As an atheist I am certain I will never see my DH again, so moving on was simpler for me.

We're all different, all widows find their own way and the non widows can jog on with their opinions. I buried my husband with a 37 week pregnant belly, no one is entitled to a view on a my life.

Good luck Op and all widows on this thread,

Ludoole · 03/05/2021 12:53

My mum thought I should wear black for a year after my husband passed, so she was not happy when I met a new man 6 weeks later..
Not that I have to justify myself but I'd spent 18 months watching my husband slowly dying from cancer and when he passed i found out the man who was my world had lied and cheated on me.
That was the moment I decided that I would do what made me happy instead of putting everyone else first like I usually did.

Erkrie · 03/05/2021 12:58

True Ludoole. Often the process of grief starts many months or even years before someone dies.

Blondeshavemorefun · 03/05/2021 17:15

When I said love like children I meant that your heart grows to love another

You don’t stop loving your first born when have a second child

Obv love for my daughter is different from the love I had for dh and the love I have for df

Postern · 03/05/2021 17:25

[quote WaterBottle123]**@Babdoc comes from a totally different place to many of us though, as she is very religious and believes she'll be reunited with her DH.

As an atheist I am certain I will never see my DH again, so moving on was simpler for me.

We're all different, all widows find their own way and the non widows can jog on with their opinions. I buried my husband with a 37 week pregnant belly, no one is entitled to a view on a my life.

Good luck Op and all widows on this thread, [/quote]
You're quite right about @Babdoc's religious views, @WaterBottle123. Though, having said that, I grew up in an extremely devout family in a devoutly Catholic society and didn't see any indication that a belief in eternal life and being reunited with dead loved ones had any particular impact in terms of widowers and widows remarrying at the level of society as a whole.
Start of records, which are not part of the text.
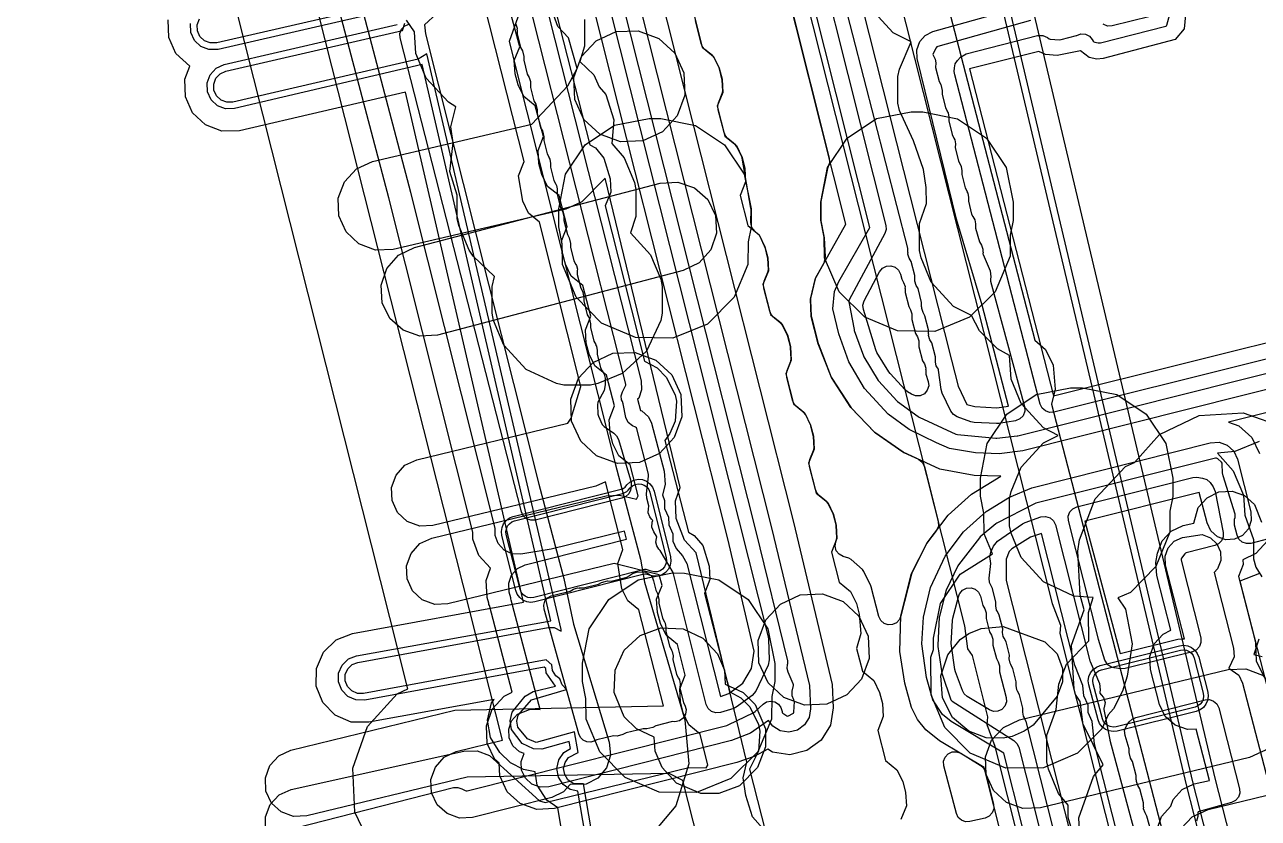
# Model space of a CAD drawing. Header units: metres. Extents: x 17722 to 17999, y 13535 to 15917.
# Drawn here: x 17850.6 to 17905.2, y 13929.2 to 13964.3 of the extents above; entities that cross this region are included whole.
import ezdxf

# ---------------------------------------------------------------- set-up
doc = ezdxf.new("R2010")
doc.units = ezdxf.units.M
for name, color, linetype in [('AI_GREENING_ALLOWED_ZONE', 4, 'Continuous'), ('AI_GREENING_EXCLUSIONS', 1, 'Continuous'), ('AI_GREENING_LAWN', 82, 'Continuous')]:
    doc.layers.add(name, color=color, linetype=linetype)

msp = doc.modelspace()

# ---------------------------------------------------------------- linework, layer by layer
at = {"layer": 'AI_GREENING_ALLOWED_ZONE'}
msp.add_lwpolyline([(17884.543, 13965.059), (17886.217, 13958.418), (17886.224, 13958.211), (17886.18, 13958.101), (17886.189, 13958.097), (17886.133, 13957.962), (17885.843, 13956.504), (17885.838, 13956.455), (17885.838, 13955.703), (17885.843, 13955.654), (17885.98, 13954.962), (17885.989, 13954.894), (17886.039, 13954.05), (17885.975, 13953.775), (17885.617, 13953.139), (17885.592, 13953.075), (17885.386, 13952.213), (17885.38, 13952.141), (17885.419, 13951.434), (17885.426, 13951.386), (17885.723, 13950.221), (17885.732, 13950.191), (17886.306, 13948.728), (17886.329, 13948.684), (17887.153, 13947.408), (17887.183, 13947.37), (17888.221, 13946.297), (17888.258, 13946.266), (17889.474, 13945.417), (17889.513, 13945.395), (17890.163, 13945.097), (17890.339, 13944.962), (17890.44, 13944.765), (17891.048, 13942.358), (17891.053, 13942.133), (17890.959, 13941.93), (17890.564, 13941.417), (17890.538, 13941.377), (17889.874, 13940.055), (17889.855, 13940.004), (17889.385, 13938.158), (17889.383, 13938.159), (17889.329, 13938.004), (17889.199, 13937.858), (17889.023, 13937.773), (17888.829, 13937.762), (17888.644, 13937.826), (17888.499, 13937.955), (17888.414, 13938.131), (17888.07, 13939.447), (17888.054, 13939.493), (17887.745, 13940.129), (17887.687, 13940.206), (17887.181, 13940.656), (17887.089, 13940.707), (17886.825, 13940.788), (17886.648, 13940.885), (17886.524, 13941.044), (17886.472, 13941.239), (17886.502, 13941.438), (17886.537, 13941.536), (17886.552, 13941.634), (17886.524, 13942.143), (17886.517, 13942.191), (17886.405, 13942.628), (17886.388, 13942.674), (17886.17, 13943.13), (17886.104, 13943.214), (17885.768, 13943.491), (17885.663, 13943.609), (17885.601, 13943.753), (17885.341, 13944.768), (17885.326, 13944.925), (17885.361, 13945.078), (17885.523, 13945.482), (17885.54, 13945.587), (17885.513, 13946.093), (17885.505, 13946.141), (17885.393, 13946.578), (17885.377, 13946.624), (17885.158, 13947.08), (17885.092, 13947.164), (17884.756, 13947.441), (17884.652, 13947.558), (17884.589, 13947.703), (17884.329, 13948.718), (17884.314, 13948.874), (17884.349, 13949.028), (17884.511, 13949.432), (17884.528, 13949.537), (17884.501, 13950.042), (17884.493, 13950.091), (17884.382, 13950.528), (17884.365, 13950.573), (17884.146, 13951.03), (17884.08, 13951.114), (17883.744, 13951.39), (17883.64, 13951.508), (17883.577, 13951.652), (17883.317, 13952.667), (17883.303, 13952.824), (17883.338, 13952.977), (17883.499, 13953.381), (17883.517, 13953.487), (17883.489, 13953.992), (17883.482, 13954.04), (17883.37, 13954.477), (17883.353, 13954.523), (17883.134, 13954.979), (17883.069, 13955.063), (17882.927, 13955.179), (17882.792, 13955.354), (17882.745, 13955.571), (17882.751, 13956.156), (17882.747, 13956.202), (17882.358, 13958.417), (17882.337, 13958.481), (17882.123, 13958.929), (17882.057, 13959.013), (17881.721, 13959.289), (17881.616, 13959.407), (17881.554, 13959.552), (17881.294, 13960.567), (17881.279, 13960.723), (17881.314, 13960.877), (17881.476, 13961.281), (17881.493, 13961.386), (17881.466, 13961.891), (17881.458, 13961.94), (17881.346, 13962.376), (17881.33, 13962.422), (17881.111, 13962.879), (17881.045, 13962.963), (17880.709, 13963.239), (17880.605, 13963.357), (17880.542, 13963.501), (17880.282, 13964.516)], dxfattribs=at)
msp.add_lwpolyline([(17892.909, 13931.546), (17893.051, 13931.415), (17893.133, 13931.242), (17893.492, 13929.818), (17893.502, 13929.621), (17893.435, 13929.436), (17893.301, 13929.291), (17893.122, 13929.209), (17892.446, 13929.05), (17892.254, 13929.042), (17892.073, 13929.108), (17891.931, 13929.237), (17891.847, 13929.41), (17891.295, 13931.526), (17891.284, 13931.722), (17891.35, 13931.908), (17891.481, 13932.054), (17891.659, 13932.137), (17891.856, 13932.146), (17892.041, 13932.078), (17892.909, 13931.546)], close=True, dxfattribs=at)
at = {"layer": 'AI_GREENING_EXCLUSIONS'}
for points in [[(17876.143, 14021.784), (17883.437, 13989.078), (17883.684, 13988.311), (17883.662, 13988.066), (17883.993, 13986.583), (17884.334, 13985.236), (17884.517, 13984.953), (17884.656, 13983.961), (17896.097, 13938.708), (17896.462, 13937.743), (17896.434, 13937.38), (17897.117, 13934.673), (17897.314, 13934.369), (17897.451, 13933.342), (17905.883, 13899.876)], [(17876.143, 14021.784), (17883.437, 13989.078), (17883.684, 13988.311), (17883.662, 13988.066), (17883.993, 13986.583), (17884.334, 13985.236), (17884.517, 13984.953), (17884.656, 13983.961), (17896.097, 13938.708), (17896.462, 13937.743), (17896.434, 13937.38), (17897.117, 13934.673), (17897.314, 13934.369), (17897.451, 13933.342), (17905.883, 13899.876)], [(17902.005, 13898.897), (17893.571, 13932.37), (17893.209, 13933.331), (17893.238, 13933.691), (17892.897, 13935.046), (17892.555, 13936.398), (17892.359, 13936.701), (17892.22, 13937.722), (17880.793, 13982.921), (17880.414, 13983.911), (17880.442, 13984.274), (17879.766, 13986.999), (17879.571, 13987.305), (17879.436, 13988.073), (17879.448, 13988.588), (17872.842, 14018.208)], [(17902.005, 13898.897), (17893.571, 13932.37), (17893.209, 13933.331), (17893.238, 13933.691), (17892.897, 13935.046), (17892.555, 13936.398), (17892.359, 13936.701), (17892.22, 13937.722), (17880.793, 13982.921), (17880.414, 13983.911), (17880.442, 13984.274), (17879.766, 13986.999), (17879.571, 13987.305), (17879.436, 13988.073), (17879.448, 13988.588), (17872.842, 14018.208)], [(17866.036, 13927.711), (17865.2, 13929.474), (17865.103, 13931.422), (17865.758, 13933.26), (17867.067, 13934.706), (17867.545, 13934.933), (17846.661, 14017.58)], [(17868.826, 13964.827), (17868.284, 13964.322), (17868.332, 13963.927), (17873.344, 13943.992), (17874.459, 13939.815), (17874.881, 13937.786), (17876.463, 13932.568), (17876.515, 13931.985), (17876.34, 13931.427), (17875.965, 13930.978), (17875.446, 13930.707), (17874.738, 13930.694), (17874.445, 13930.369), (17873.916, 13930.118), (17870.415, 13929.238), (17869.83, 13929.209), (17869.279, 13929.406), (17868.845, 13929.798), (17868.595, 13930.327), (17868.565, 13930.912), (17868.762, 13931.463), (17869.155, 13931.897), (17869.684, 13932.148), (17871.73, 13932.662), (17852.821, 14007.324)], [(17863.708, 13996.674), (17864.847, 13994.399), (17864.953, 13993.978), (17865.003, 13992.961), (17865.44, 13992.04), (17865.528, 13991.69), (17865.625, 13989.742), (17865.539, 13989.393), (17866.696, 13984.995), (17866.747, 13983.972), (17867.185, 13983.046), (17869.946, 13971.873), (17870.953, 13970.961), (17871.789, 13969.198), (17872.388, 13966.816), (17872.485, 13964.868), (17872.029, 13963.59), (17876.738, 13944.846), (17877.853, 13940.668), (17878.034, 13939.647), (17879.822, 13933.553), (17879.995, 13931.61), (17879.412, 13929.748), (17878.16, 13928.252)], [(17875.68, 13977.743), (17884.625, 13942.309), (17886.345, 13935.123), (17886.387, 13934.088), (17886.266, 13933.317), (17885.859, 13932.651), (17885.229, 13932.192), (17884.47, 13932.009), (17883.699, 13932.13), (17883.489, 13932.258), (17882.882, 13931.935), (17882.122, 13931.67), (17874.042, 13929.627), (17873.263, 13929.587), (17872.527, 13929.848), (17871.948, 13930.371), (17871.613, 13931.075), (17871.584, 13931.636), (17871.395, 13931.807), (17871.06, 13932.512), (17871.021, 13933.292), (17871.284, 13934.027), (17871.284, 13934.027), (17871.807, 13934.605), (17872.165, 13934.775), (17871.156, 13938.612), (17871.131, 13938.665), (17871.129, 13938.716), (17871.063, 13938.965), (17871.02, 13939.728), (17871.209, 13940.276), (17870.691, 13940.83), (17870.418, 13941.561), (17870.429, 13941.865), (17866.707, 13956.659), (17864.55, 13964.821)], [(17874.71, 13977.5), (17883.655, 13942.063), (17885.346, 13935.083), (17885.388, 13934.048), (17885.328, 13933.662), (17885.124, 13933.329), (17884.809, 13933.099), (17884.43, 13933.008), (17884.044, 13933.068), (17883.711, 13933.272), (17883.529, 13933.522), (17882.721, 13932.961), (17881.877, 13932.639), (17873.797, 13930.596), (17873.407, 13930.576), (17873.04, 13930.707), (17872.75, 13930.968), (17872.582, 13931.321), (17872.562, 13931.71), (17872.69, 13932.069), (17872.487, 13932.142), (17872.197, 13932.404), (17872.03, 13932.756), (17872.011, 13933.146), (17872.142, 13933.513), (17872.404, 13933.803), (17872.936, 13934.015), (17873.326, 13934.035), (17873.4, 13934.008), (17872.127, 13938.852), (17872.102, 13938.906), (17872.099, 13938.957), (17872.033, 13939.211), (17872.012, 13939.601), (17872.138, 13939.961), (17872.403, 13940.259), (17872.748, 13940.424), (17877.225, 13941.562), (17877.138, 13941.915), (17873.897, 13941.115), (17872.553, 13940.896), (17872.163, 13940.91), (17871.808, 13941.071), (17871.542, 13941.357), (17871.405, 13941.722), (17871.416, 13942.039), (17867.676, 13956.908), (17865.517, 13965.076)], [(17873.469, 13966.007), (17877.883, 13948.56), (17877.903, 13948.17), (17877.773, 13947.802), (17877.723, 13947.759), (17877.846, 13947.254), (17877.915, 13947.238), (17878.205, 13946.977), (17878.343, 13946.687), (17878.894, 13944.563), (17878.943, 13943.97), (17878.829, 13943.516), (17878.912, 13943.261), (17878.922, 13942.919), (17879.094, 13942.533), (17879.103, 13942.191), (17879.278, 13941.79), (17879.284, 13941.463), (17879.427, 13941.142), (17879.719, 13940.819), (17879.904, 13940.474), (17881.396, 13934.587), (17881.766, 13934.721), (17882.38, 13935.182), (17882.771, 13935.833), (17882.891, 13936.592), (17881.716, 13941.575), (17872.771, 13977.008)], [(17891.487, 13975.181), (17902.032, 13930.678), (17903.054, 13926.698)], [(17891.779, 13975.25), (17902.324, 13930.747), (17903.343, 13926.779)], [(17892.752, 13975.481), (17903.297, 13930.978), (17904.306, 13927.05)], [(17885.55, 13973.519), (17891.627, 13949.483), (17891.93, 13948.331), (17892.312, 13947.522), (17892.662, 13947.426), (17893.64, 13947.374), (17894.153, 13947.449), (17892.996, 13951.908), (17891.852, 13955.721), (17890.111, 13962.83), (17890.094, 13963.22), (17890.227, 13963.587), (17890.463, 13963.854), (17890.811, 13964.031), (17895.836, 13965.44)], [(17910.234, 13863.5), (17893.083, 13931.439), (17891.101, 13932.632), (17890.492, 13933.121), (17890.13, 13933.577), (17889.862, 13934.096), (17889.558, 13935.183), (17889.341, 13936.582), (17889.385, 13938.158), (17889.861, 13940.03), (17890.549, 13941.398), (17891.486, 13942.612), (17892.524, 13943.554), (17893.811, 13944.339), (17892.642, 13944.377), (17891.116, 13944.661), (17889.492, 13945.404), (17888.238, 13946.28), (17887.166, 13947.387), (17886.315, 13948.705), (17885.726, 13950.206), (17885.42, 13951.409), (17885.378, 13952.178), (17885.6, 13953.109), (17886.951, 13955.504), (17882.56, 13972.929)], [(17914.293, 13950.366), (17894.793, 13945.465), (17893.748, 13945.334), (17892.695, 13945.376), (17891.538, 13945.567), (17890.96, 13945.816), (17889.757, 13946.406), (17888.83, 13947.086), (17887.783, 13948.222), (17887.081, 13949.407), (17886.637, 13950.643), (17886.38, 13951.752), (17886.38, 13951.752), (17886.448, 13952.513), (17886.635, 13952.957), (17888.02, 13955.356), (17883.529, 13973.173)], [(17889.843, 13971.44), (17895.326, 13950.366), (17895.79, 13949.953), (17896.13, 13949.251), (17896.231, 13948.199), (17896.062, 13947.535), (17901.195, 13927.808)], [(17905.737, 13965.701), (17901.998, 13964.775), (17901.947, 13964.152), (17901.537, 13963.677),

A friend's widowed father, widowed young, met his second wife at a diocesan Catholic 'dealing with bereavement' residential weekend, and apparently it's quite common for relationships and marriages to emerge from them.

@Waterbottle123, Flowers. That must have been horrifically difficult.

Santastealer · 03/05/2021 17:32

I wouldn’t see it as “moving on”.... it’s more “moving forwards” and even then it’s really just “moving”... the same as everyone else is doing.

Moving on sounds like forgetting the past, and that’s not going to happen. Moving forwards at least seems like you are just making positive decisions to get on with your life.

Erkrie · 03/05/2021 17:52

Yes definitely is just moving forwards. Just like anyone else.

RosaLuxemburgwasright · 03/05/2021 20:06

@Erkrie thanks so much for the suggestion. I had a look and unfortunately, she's just turned 55 so too old do for the group. I'm there for her as much as possible, I went into isolation at the beginning of the year so I could stay over with them to help out when the hope that he might be recovering and have a couple of years or more left was shattered by more tumours growing in his brain. Since his death, I've spent most weekends with her and blah but it's not enough and I know that. I don't mean I could do more but that me, alone, is not enough. She's talked about looking for group support or getting in touch with Cruse and I think I'll push this more with her. Gently, of course. I just want to be the best support I can for her as I love her dearly.

Erkrie · 03/05/2021 20:12

There is WayUp for the over 51's Rosa. Maybe she could try that? The peer support is excellent in both way and WayUp.

RosaLuxemburgwasright · 03/05/2021 20:57

Ooh, thank you! I'll go and find it.